EOS token inflation is sent to the sidechains to pay for governance costs (BPs and any other activities that they may choose) in proportion to the number of EOS tokens that are on that chain.

Distribution of EOS inflation tokens. % is calculated based on the deployed blockchain EOS equivalent supply / total EOS equivalent total supply

In this way, one token is used throughout all chains, creating a collaborative economic ecosystem. Sidechains are free to implement governance of their chain (voting, accounting, rewards etc…), in effect creating a competitive governance ecosystem. The more the sidechain get used (by creating sustainable economies with dapps that have demand for system tokens) the more funds they receive from the global EOS inflation.

If a sidechain starts to get a similar amount of EOS tokens on it as the EOS blockchain (which run’s the global inflation), it will put pressure on EOS to upgrade its governance to keep balance among the ecosystem. In this way, EOS governance can be upgraded in a well-tested way and sidechains can influence the EOS blockchain.
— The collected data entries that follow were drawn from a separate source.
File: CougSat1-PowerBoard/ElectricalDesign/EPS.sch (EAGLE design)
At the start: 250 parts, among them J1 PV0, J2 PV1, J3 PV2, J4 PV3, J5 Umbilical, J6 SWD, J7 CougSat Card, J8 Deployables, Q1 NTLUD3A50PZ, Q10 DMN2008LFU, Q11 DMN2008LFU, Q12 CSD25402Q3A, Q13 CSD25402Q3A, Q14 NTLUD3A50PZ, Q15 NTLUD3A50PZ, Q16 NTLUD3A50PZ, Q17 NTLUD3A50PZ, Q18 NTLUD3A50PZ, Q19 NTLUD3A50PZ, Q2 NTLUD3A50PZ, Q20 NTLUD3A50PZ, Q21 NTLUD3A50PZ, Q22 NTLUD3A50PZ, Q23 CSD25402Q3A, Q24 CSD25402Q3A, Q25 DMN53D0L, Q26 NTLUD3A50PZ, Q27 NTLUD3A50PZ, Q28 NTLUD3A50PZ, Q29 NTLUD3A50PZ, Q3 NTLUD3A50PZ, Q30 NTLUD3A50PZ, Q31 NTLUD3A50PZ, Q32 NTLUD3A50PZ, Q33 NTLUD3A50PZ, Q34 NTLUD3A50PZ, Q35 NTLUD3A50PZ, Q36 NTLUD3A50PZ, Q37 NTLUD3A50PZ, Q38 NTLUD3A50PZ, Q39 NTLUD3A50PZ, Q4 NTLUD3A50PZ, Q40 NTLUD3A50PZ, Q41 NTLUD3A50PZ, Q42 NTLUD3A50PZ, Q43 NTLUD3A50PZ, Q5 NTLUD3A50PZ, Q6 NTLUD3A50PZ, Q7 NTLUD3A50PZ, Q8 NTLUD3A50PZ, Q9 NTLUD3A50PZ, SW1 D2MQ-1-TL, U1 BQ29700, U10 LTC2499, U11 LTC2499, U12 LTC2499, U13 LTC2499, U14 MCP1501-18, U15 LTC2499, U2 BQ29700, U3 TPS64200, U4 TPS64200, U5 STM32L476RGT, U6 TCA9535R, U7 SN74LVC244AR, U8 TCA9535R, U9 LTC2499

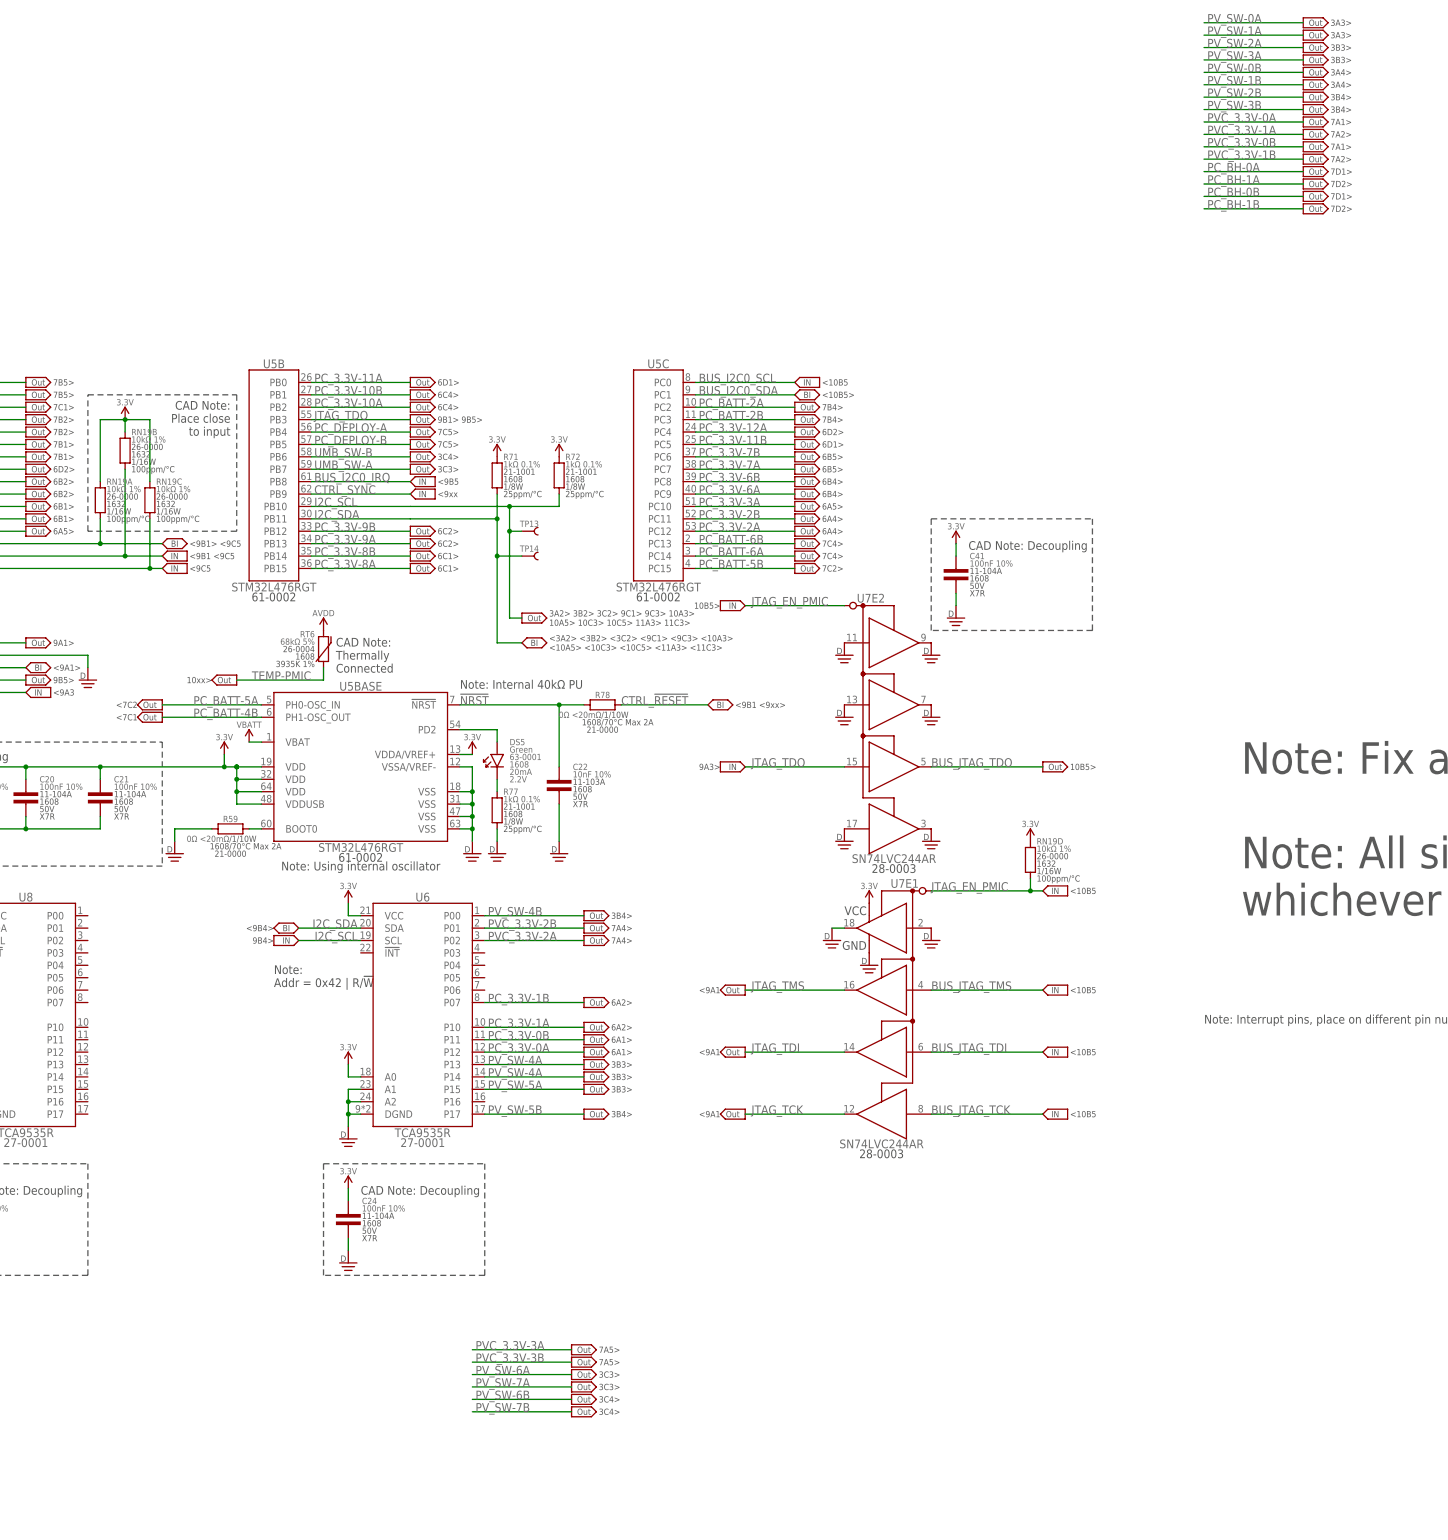
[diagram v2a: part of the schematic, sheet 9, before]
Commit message: Laid Out 3V3A Regulator
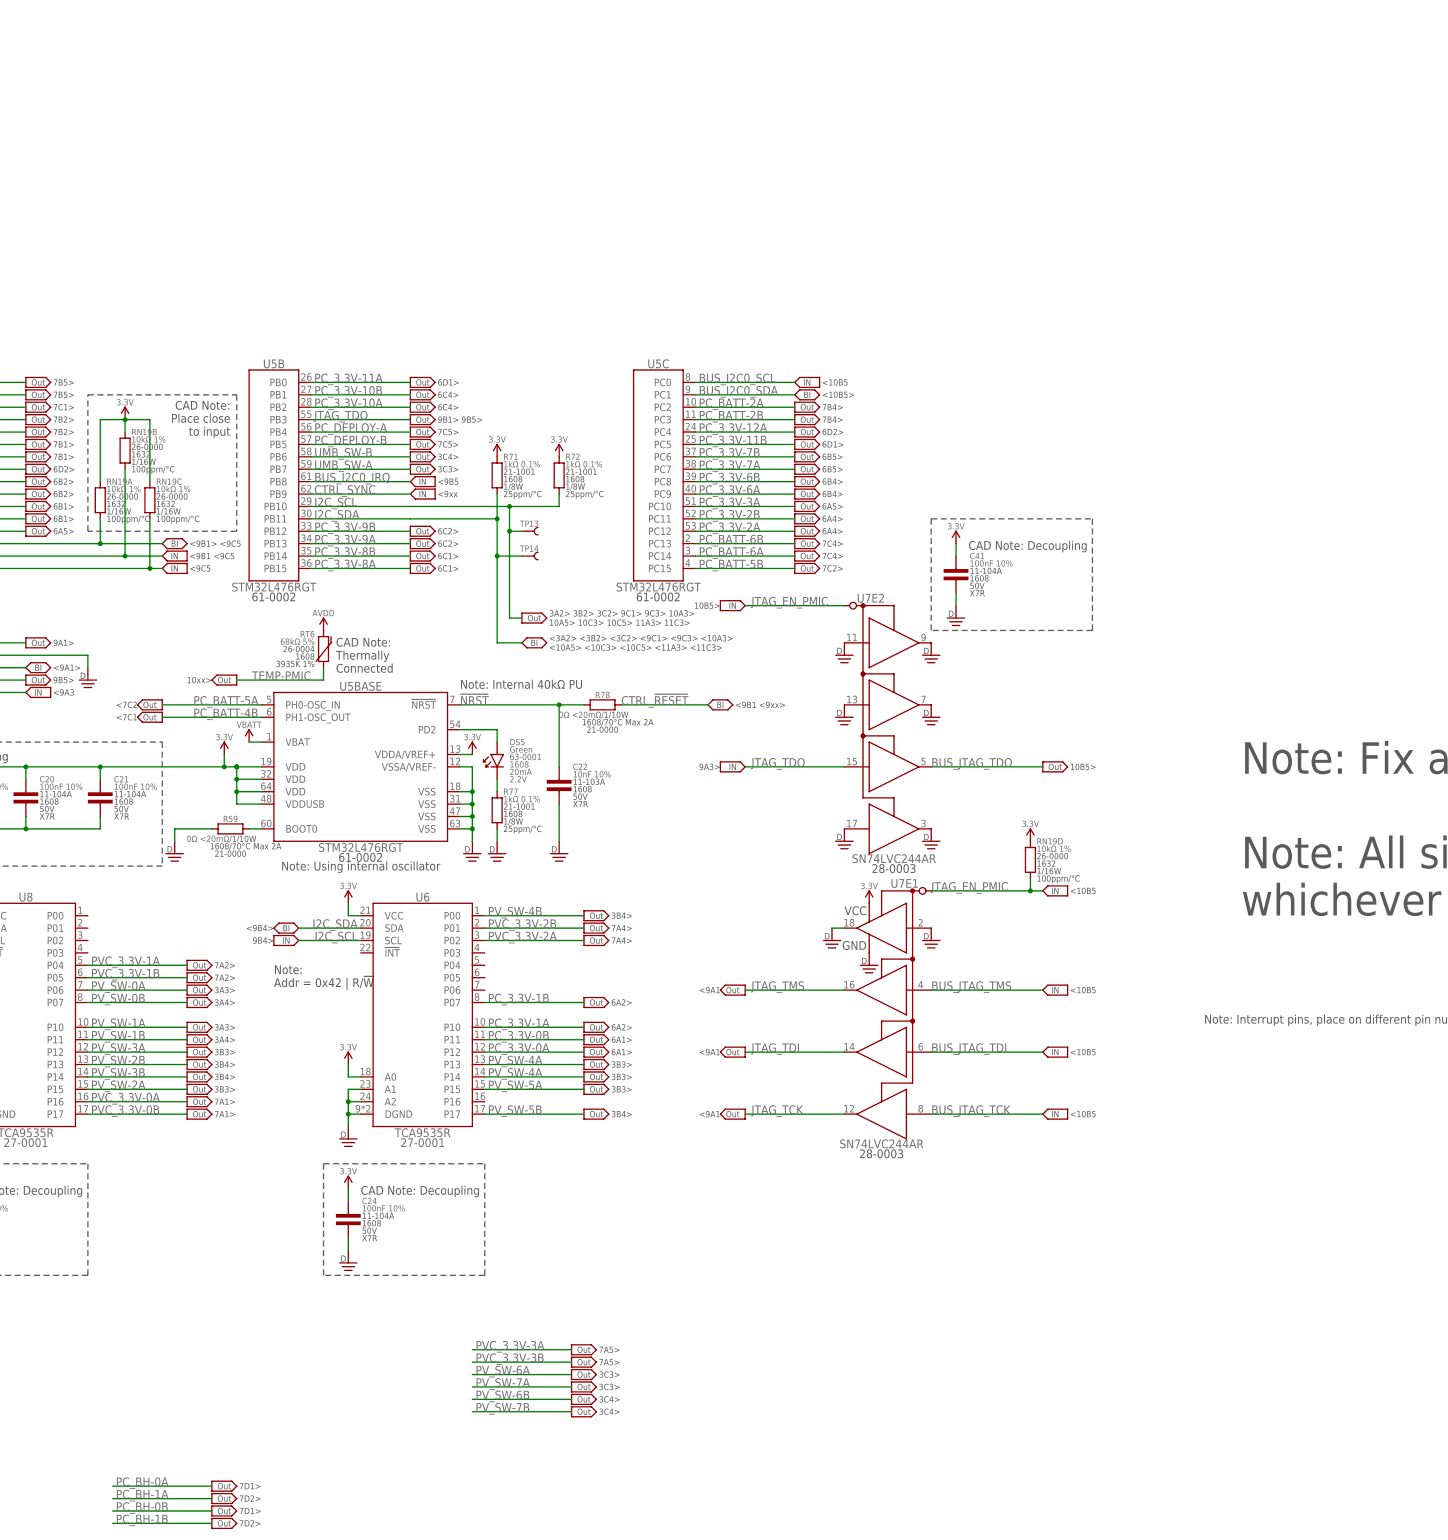
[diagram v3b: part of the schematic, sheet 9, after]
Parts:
- removed RN4, RN5: 10kΩ 5%, CougsInSpace-Resistors:RES_BUS-10-10K-3264
- added R86, R87, R88, R89: 10kΩ 0.1%, CougsInSpace-Resistors:RES-V-10K-1608
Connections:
- net 3.3V: now also R86.2, R87.2, R88.2, R89.2; no longer RN4.C, RN5.C
- net 3.3V-A: now also U12.CH6
- net 3.3V_I-A: now also U12.CH7
- net 3.3V_ISENS-A: now also U12.CH8
- net BP_VSS-A: now also U12.CH13
- net BP_VSS-B: now also U12.CH11
- net BP_VSS_I-A: now also U12.CH12
- net BP_VSS_I-B: now also U12.CH10
- net I_BH-0: now also U12.CH3
- net PR_BH-0: now also U12.CH2
- net PVC_3.3V-0A: now also R86.1, U8.P16
- net PVC_3.3V-0B: now also R87.1, U8.P17
- net PVC_3.3V-1A: now also R88.1, U8.P04
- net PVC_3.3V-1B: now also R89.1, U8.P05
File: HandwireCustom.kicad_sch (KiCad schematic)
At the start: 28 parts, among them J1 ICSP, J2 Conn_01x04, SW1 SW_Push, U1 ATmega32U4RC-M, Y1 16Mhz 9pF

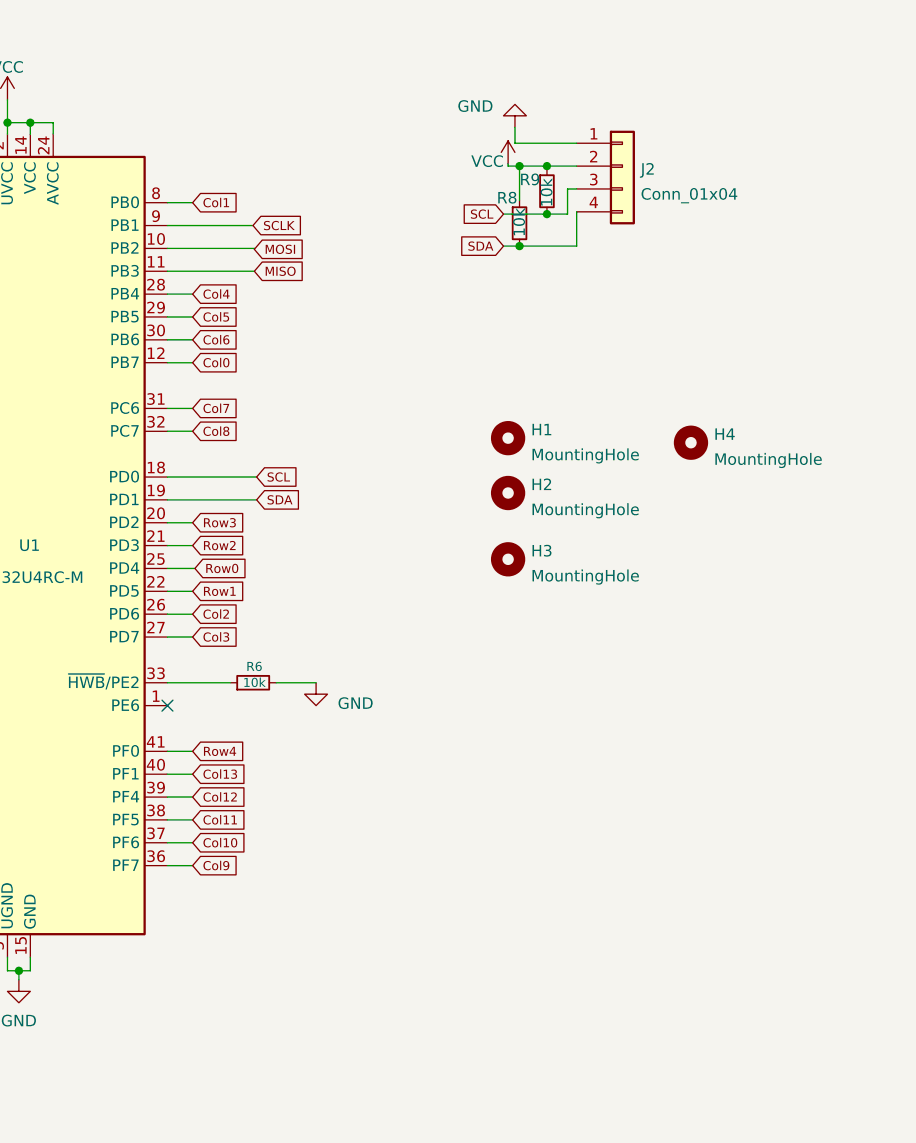
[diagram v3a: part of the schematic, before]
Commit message: Rerouted, new parts
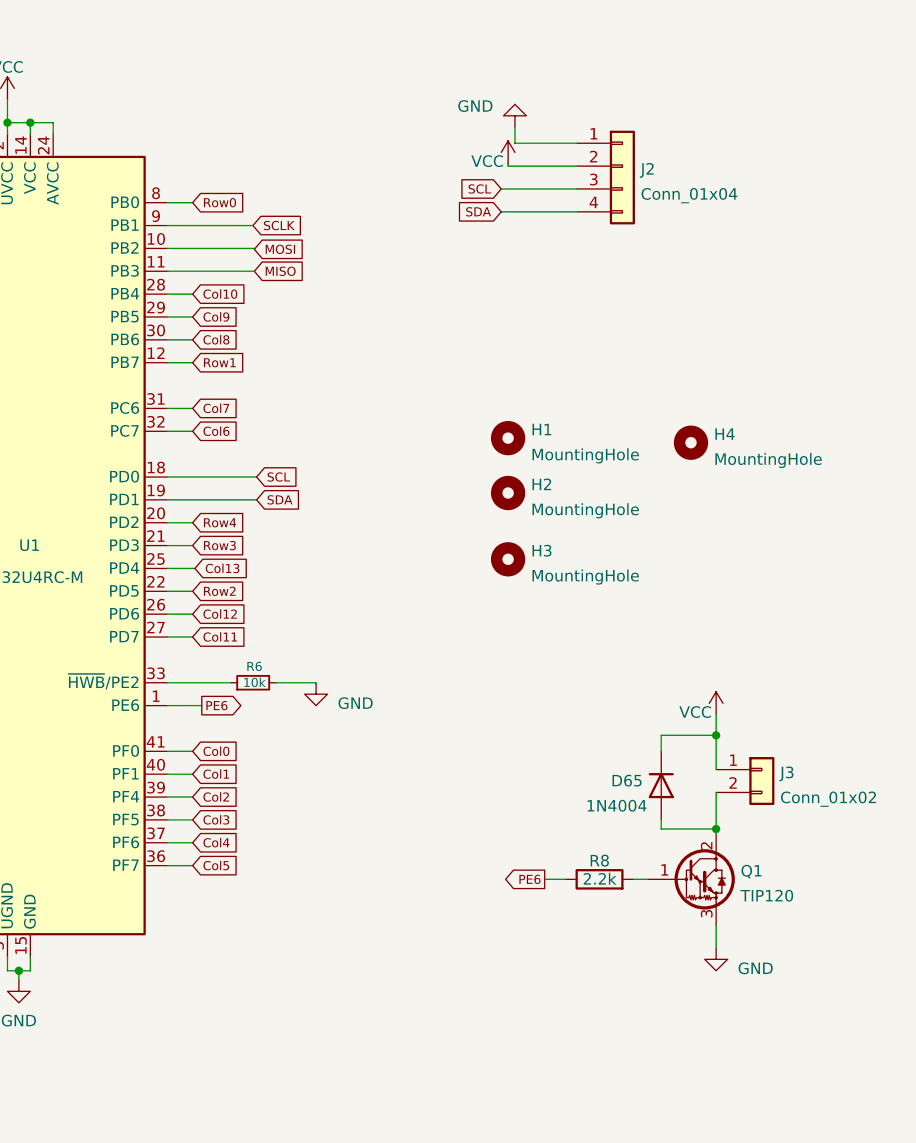
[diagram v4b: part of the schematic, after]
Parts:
- removed R8, R9: 10k, Resistor_SMD:R_0402_1005Metric, symbol Device:R_Small
- added D65: 1N4004, Diode_SMD:D_SMA, symbol Diode:1N4004
- added J3: Conn_01x02, Connector_PinHeader_2.54mm:PinHeader_1x02_P2.54mm_Vertical, symbol Connector_Generic:Conn_01x02
- added Q1: TIP120, Package_TO_SOT_THT:TO-220-3_Vertical, symbol Transistor_BJT:TIP120
- added R8: 2.2k, Resistor_SMD:R_0603_1608Metric, symbol Device:R
- R5, R7: footprint Resistor_THT:R_Axial_DIN0204_L3.6mm_D1.6mm_P5.08mm_Horizontal -> Resistor_SMD:R_0402_1005Metric
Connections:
- net Col0: now also U1.41 (PF0); no longer U1.12 (PB7)
- net Col1: now also U1.40 (PF1); no longer U1.8 (PB0)
- net Col10: now also U1.28 (PB4); no longer U1.37 (PF6)
- net Col11: now also U1.27 (PD7); no longer U1.38 (PF5)
- net Col12: now also U1.26 (PD6); no longer U1.39 (PF4)
- net Col13: now also U1.25 (PD4); no longer U1.40 (PF1)
- net Col2: now also U1.39 (PF4); no longer U1.26 (PD6)
- net Col3: now also U1.38 (PF5); no longer U1.27 (PD7)
- net Col4: now also U1.37 (PF6); no longer U1.28 (PB4)
- net Col5: now also U1.36 (PF7); no longer U1.29 (PB5)
- net Col6: now also U1.32 (PC7); no longer U1.30 (PB6)
- net Col8: now also U1.30 (PB6); no longer U1.32 (PC7)
- net Col9: now also U1.29 (PB5); no longer U1.36 (PF7)
- net GND: now also Q1.3 (E)
- net Row0: now also U1.8 (PB0); no longer U1.25 (PD4)
- net Row1: now also U1.12 (PB7); no longer U1.22 (PD5)
- net Row2: now also U1.22 (PD5); no longer U1.21 (PD3)
- net Row3: now also U1.21 (PD3); no longer U1.20 (PD2)
- net Row4: now also U1.20 (PD2); no longer U1.41 (PF0)
- net VCC: now also D65.1 (K), J3.1 (Pin_1)
- net PE6: now reaches U1.1 (PE6)
- net PE6: now also R8.1
- new net: D65.2 (A), J3.2 (Pin_2), Q1.2 (C)
- new net: Q1.1 (B), R8.2
- no-connect marks 4 -> 3

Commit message: Ready for JLCPCB
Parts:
- C1, C2: LCSC (none) -> C1547
- C3: LCSC (none) -> C19666
- C4, C5, C6, C7: LCSC (none) -> C1525
- C8: LCSC (none) -> C52923
- D65: value 1N4004 -> 1N4001; LCSC (none) -> C727079
- R1, R2: LCSC (none) -> C25905
- R3, R4: LCSC (none) -> C25092
- R5, R6: LCSC (none) -> C25744
- R7: LCSC (none) -> C25091
- R8: LCSC (none) -> C4190
- U1: LCSC (none) -> C112161
- USB1: LCSC (none) -> C165948
- Y1: LCSC (none) -> C13738
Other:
- moved on the sheet: H2, H4

Note: The use of EOS and sister chain names has been used for illustrative purposes only. Each chain would need to opt-in to this new system.

How it works

EOS blockchain

  1. A 5% inflation of EOS tokens is allocated to a new account e.g. “eosio.global”
  2. These funds are allocated to EOSIO chains balances based on the number of EOS tokens that are on the blockchain chain network. E.g.
    Telos has 3,000 EOS tokens on its network and Wax has 2,000 tokens on it’s network. In this case Telos would receive 60% of the eosio.global balance and Wax would get 40%.
  3. The sidechains can send these EOS tokens to its network through a cross-chain atomic swap which can then be used on the sidechain.

Sidechains

  1. Receive EOS tokens from the EOS blockchain inflation rate to pay for its governance. The more EOS on a sidechain the more they are awarded from inflation, incentivising them to operate an sustainable and trusted platform for dapps.
  2. Users can send EOS tokens between the EOS blockchain and the sidechain (or from sidechain to sidechain) to pay for the use of different dapps on their networks.

Sister chain to sidechain

The new model can allow for sister chains to join the EOS sidechain network by replacing their system tokens with EOS tokens. This can be paid for through the current balance of the eosio.savings balance, or by minting new EOS tokens.

Deloyed sister chains

EOS blockchain eosio.savings balance = 13,617,707 EOS

Benefits

Ecosystem

  1. Create a shared utility of their system tokens between all chains, greatly increasing utility.
  2. Change fragmented chains into one ecosystem adding security and network effects.
  3. Creates a collaborative environment where governance can be experimented with.
  4. Creates one dapp ecosystem that has higher scalability than each chain individually.

EOS blockchain

  1. Adds extra utility for the EOS token.
  2. Allows EOS governance to be upgraded through pressure from sidechains.
  3. Allows chain governance to be experimented on in a way that collaborates with EOS, which can be used as a guide for EOS governance. if a sidechain becomes popular enough then it will add pressure to EOS governance itself.

Sidechains

  1. Create a shared utility of their system tokens between all chains, greatly increasing utility.
  2. Can influences EOS governance.
  3. Increases block producer pay and network security from an increase in EOS token utility and price.
  4. Access a greater liquidity pool for their system tokens. Note that support of exchanges to allow users to choose which blockchain to send to would need to be provided.

Dapps

  1. Can choose a blockchain to deploy to in the same economic ecosystem.
  2. If a dapp wishes to move to another chain in the ecosystem (e.g. for better governance or scalability) they can do so while keeping the same EOS balances, a better UX for its users.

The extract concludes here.